BEGIN INPUT DATA

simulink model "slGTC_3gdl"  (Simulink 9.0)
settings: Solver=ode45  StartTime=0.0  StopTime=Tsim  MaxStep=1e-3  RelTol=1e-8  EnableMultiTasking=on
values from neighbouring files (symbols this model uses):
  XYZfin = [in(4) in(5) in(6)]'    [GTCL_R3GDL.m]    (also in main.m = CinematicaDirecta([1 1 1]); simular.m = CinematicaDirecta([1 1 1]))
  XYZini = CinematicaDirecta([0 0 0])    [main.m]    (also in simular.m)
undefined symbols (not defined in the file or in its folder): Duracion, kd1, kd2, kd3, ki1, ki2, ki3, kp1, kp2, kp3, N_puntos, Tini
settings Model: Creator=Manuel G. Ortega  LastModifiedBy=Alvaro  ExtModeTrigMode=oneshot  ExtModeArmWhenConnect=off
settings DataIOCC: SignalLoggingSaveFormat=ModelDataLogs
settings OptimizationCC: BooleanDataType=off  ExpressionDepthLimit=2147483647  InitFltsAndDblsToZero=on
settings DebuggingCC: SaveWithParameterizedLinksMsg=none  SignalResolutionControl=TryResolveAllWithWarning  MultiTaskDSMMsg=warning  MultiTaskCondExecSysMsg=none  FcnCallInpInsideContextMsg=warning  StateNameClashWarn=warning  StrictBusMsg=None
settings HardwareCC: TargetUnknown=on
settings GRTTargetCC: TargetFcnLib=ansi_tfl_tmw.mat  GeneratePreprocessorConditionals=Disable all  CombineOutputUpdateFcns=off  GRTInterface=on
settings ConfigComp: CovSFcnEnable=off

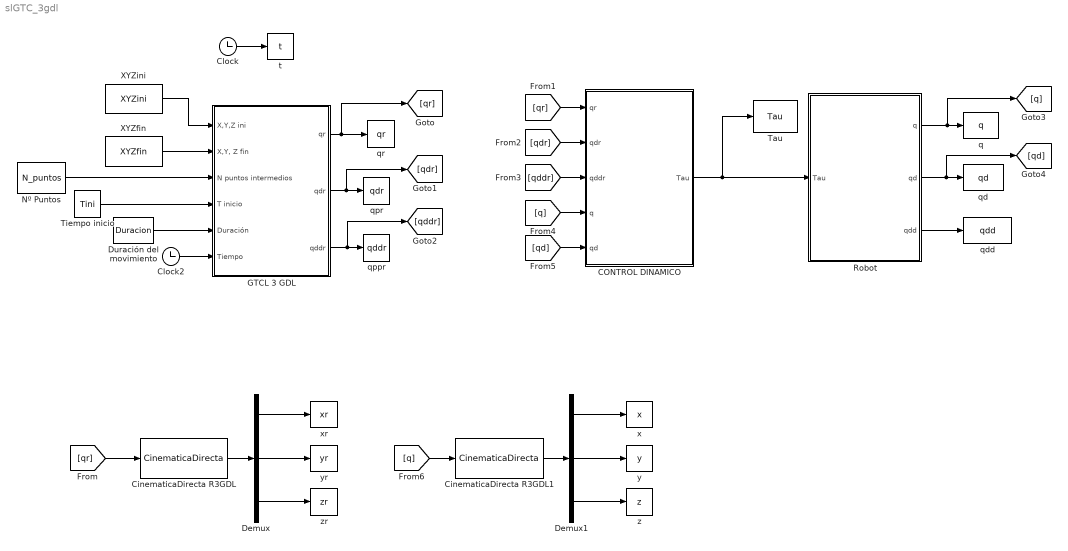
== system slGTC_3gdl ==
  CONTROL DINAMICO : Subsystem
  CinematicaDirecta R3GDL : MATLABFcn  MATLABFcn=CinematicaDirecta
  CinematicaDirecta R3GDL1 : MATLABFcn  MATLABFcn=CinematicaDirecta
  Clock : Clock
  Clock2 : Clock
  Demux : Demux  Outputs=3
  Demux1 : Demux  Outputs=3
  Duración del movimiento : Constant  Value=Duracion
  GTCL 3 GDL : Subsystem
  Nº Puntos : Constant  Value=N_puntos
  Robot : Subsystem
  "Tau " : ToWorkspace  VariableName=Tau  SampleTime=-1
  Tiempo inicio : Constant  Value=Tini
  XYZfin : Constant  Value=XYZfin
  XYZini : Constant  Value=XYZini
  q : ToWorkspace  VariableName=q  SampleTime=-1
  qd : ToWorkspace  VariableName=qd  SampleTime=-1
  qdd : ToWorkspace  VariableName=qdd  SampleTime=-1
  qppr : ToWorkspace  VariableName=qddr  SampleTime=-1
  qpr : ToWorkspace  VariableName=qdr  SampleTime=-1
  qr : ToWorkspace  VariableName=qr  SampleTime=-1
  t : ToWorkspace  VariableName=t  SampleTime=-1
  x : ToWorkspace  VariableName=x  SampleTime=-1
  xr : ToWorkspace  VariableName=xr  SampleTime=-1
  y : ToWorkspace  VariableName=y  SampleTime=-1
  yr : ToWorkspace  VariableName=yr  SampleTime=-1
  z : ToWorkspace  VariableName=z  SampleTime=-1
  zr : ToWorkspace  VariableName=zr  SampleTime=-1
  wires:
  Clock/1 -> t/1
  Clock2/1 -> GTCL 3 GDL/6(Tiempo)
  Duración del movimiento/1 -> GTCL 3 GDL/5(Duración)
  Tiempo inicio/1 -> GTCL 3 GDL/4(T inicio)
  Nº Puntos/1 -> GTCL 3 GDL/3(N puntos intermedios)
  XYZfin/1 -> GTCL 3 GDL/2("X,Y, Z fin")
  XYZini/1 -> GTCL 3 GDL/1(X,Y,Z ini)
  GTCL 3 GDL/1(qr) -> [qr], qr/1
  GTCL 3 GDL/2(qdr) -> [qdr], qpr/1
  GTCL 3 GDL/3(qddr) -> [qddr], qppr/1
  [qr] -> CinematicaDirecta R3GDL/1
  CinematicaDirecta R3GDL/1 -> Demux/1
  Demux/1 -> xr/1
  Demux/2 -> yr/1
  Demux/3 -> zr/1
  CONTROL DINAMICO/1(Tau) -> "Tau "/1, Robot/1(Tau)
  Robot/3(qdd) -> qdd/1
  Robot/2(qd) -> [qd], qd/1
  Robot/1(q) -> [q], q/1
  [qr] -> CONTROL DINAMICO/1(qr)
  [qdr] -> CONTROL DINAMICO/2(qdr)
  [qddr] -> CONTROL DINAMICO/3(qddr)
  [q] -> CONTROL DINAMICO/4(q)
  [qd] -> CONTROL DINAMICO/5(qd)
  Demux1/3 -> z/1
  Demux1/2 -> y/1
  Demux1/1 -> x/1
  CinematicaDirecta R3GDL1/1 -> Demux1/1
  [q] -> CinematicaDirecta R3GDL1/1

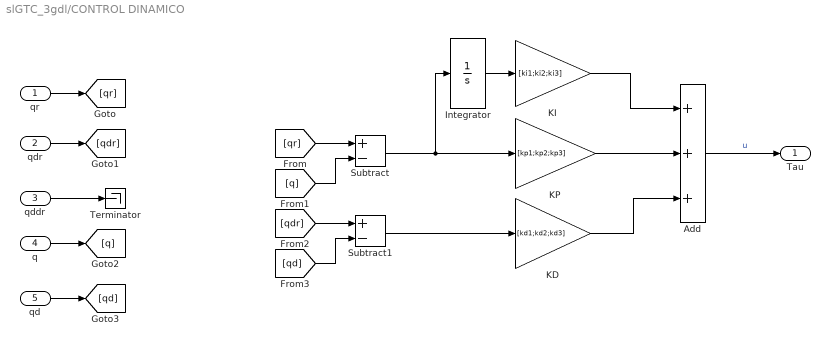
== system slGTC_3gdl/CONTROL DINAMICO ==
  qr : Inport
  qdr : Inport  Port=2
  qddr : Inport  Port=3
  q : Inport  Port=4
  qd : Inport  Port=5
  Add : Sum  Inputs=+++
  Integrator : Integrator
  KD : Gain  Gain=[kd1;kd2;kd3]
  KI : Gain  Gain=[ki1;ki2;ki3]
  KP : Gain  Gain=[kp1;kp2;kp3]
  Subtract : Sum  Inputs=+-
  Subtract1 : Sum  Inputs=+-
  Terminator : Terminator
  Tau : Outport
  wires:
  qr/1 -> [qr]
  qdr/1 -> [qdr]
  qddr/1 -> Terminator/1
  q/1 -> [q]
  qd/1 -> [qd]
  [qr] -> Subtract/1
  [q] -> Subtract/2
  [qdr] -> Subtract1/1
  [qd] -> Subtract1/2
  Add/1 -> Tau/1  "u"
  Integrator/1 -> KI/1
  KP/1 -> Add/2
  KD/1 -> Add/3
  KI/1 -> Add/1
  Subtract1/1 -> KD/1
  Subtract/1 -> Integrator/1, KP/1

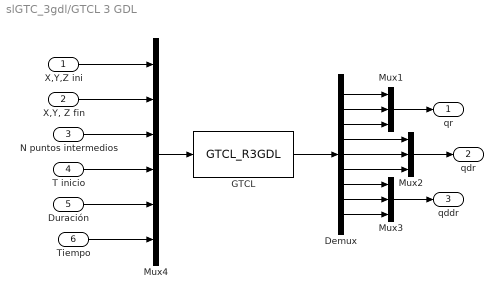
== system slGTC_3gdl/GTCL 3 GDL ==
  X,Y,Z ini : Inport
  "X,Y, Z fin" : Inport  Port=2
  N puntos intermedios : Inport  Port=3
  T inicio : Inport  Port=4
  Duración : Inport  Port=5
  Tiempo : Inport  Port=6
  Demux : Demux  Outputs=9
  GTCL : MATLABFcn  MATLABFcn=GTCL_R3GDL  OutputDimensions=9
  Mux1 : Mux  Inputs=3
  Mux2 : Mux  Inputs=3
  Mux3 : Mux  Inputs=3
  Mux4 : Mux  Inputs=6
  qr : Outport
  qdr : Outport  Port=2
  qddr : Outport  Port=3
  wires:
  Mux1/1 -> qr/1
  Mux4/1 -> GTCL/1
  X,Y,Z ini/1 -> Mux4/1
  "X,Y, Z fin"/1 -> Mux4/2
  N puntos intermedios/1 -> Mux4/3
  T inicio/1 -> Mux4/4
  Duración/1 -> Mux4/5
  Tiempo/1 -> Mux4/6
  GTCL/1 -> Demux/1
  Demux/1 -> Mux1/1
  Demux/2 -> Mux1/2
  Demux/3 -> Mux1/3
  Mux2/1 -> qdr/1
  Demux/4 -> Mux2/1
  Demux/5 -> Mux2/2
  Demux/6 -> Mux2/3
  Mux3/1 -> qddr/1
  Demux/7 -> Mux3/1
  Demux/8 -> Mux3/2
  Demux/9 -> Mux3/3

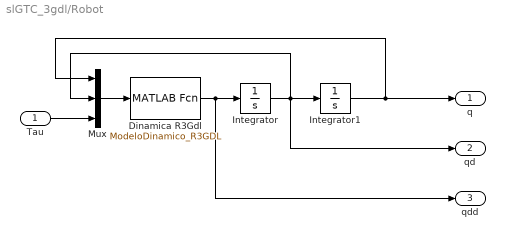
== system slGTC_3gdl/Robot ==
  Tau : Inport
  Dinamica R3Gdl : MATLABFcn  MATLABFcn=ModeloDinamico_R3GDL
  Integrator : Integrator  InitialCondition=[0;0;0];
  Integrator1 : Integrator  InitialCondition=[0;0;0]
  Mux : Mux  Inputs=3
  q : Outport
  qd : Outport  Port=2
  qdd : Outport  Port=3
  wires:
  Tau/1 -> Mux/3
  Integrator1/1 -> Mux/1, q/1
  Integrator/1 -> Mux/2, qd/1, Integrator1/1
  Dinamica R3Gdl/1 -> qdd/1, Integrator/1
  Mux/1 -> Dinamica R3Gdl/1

END INPUT DATA

YOUR TASK
Beginning with the line that contains "Demux/3 -> Mux1/3" and ending with the final line of the entries, every line must be copied exactly; the pictures must not.

ANSWER TO THIS TASK
  Demux/3 -> Mux1/3
  Mux2/1 -> qdr/1
  Demux/4 -> Mux2/1
  Demux/5 -> Mux2/2
  Demux/6 -> Mux2/3
  Mux3/1 -> qddr/1
  Demux/7 -> Mux3/1
  Demux/8 -> Mux3/2
  Demux/9 -> Mux3/3

== system slGTC_3gdl/Robot ==
  Tau : Inport
  Dinamica R3Gdl : MATLABFcn  MATLABFcn=ModeloDinamico_R3GDL
  Integrator : Integrator  InitialCondition=[0;0;0];
  Integrator1 : Integrator  InitialCondition=[0;0;0]
  Mux : Mux  Inputs=3
  q : Outport
  qd : Outport  Port=2
  qdd : Outport  Port=3
  wires:
  Tau/1 -> Mux/3
  Integrator1/1 -> Mux/1, q/1
  Integrator/1 -> Mux/2, qd/1, Integrator1/1
  Dinamica R3Gdl/1 -> qdd/1, Integrator/1
  Mux/1 -> Dinamica R3Gdl/1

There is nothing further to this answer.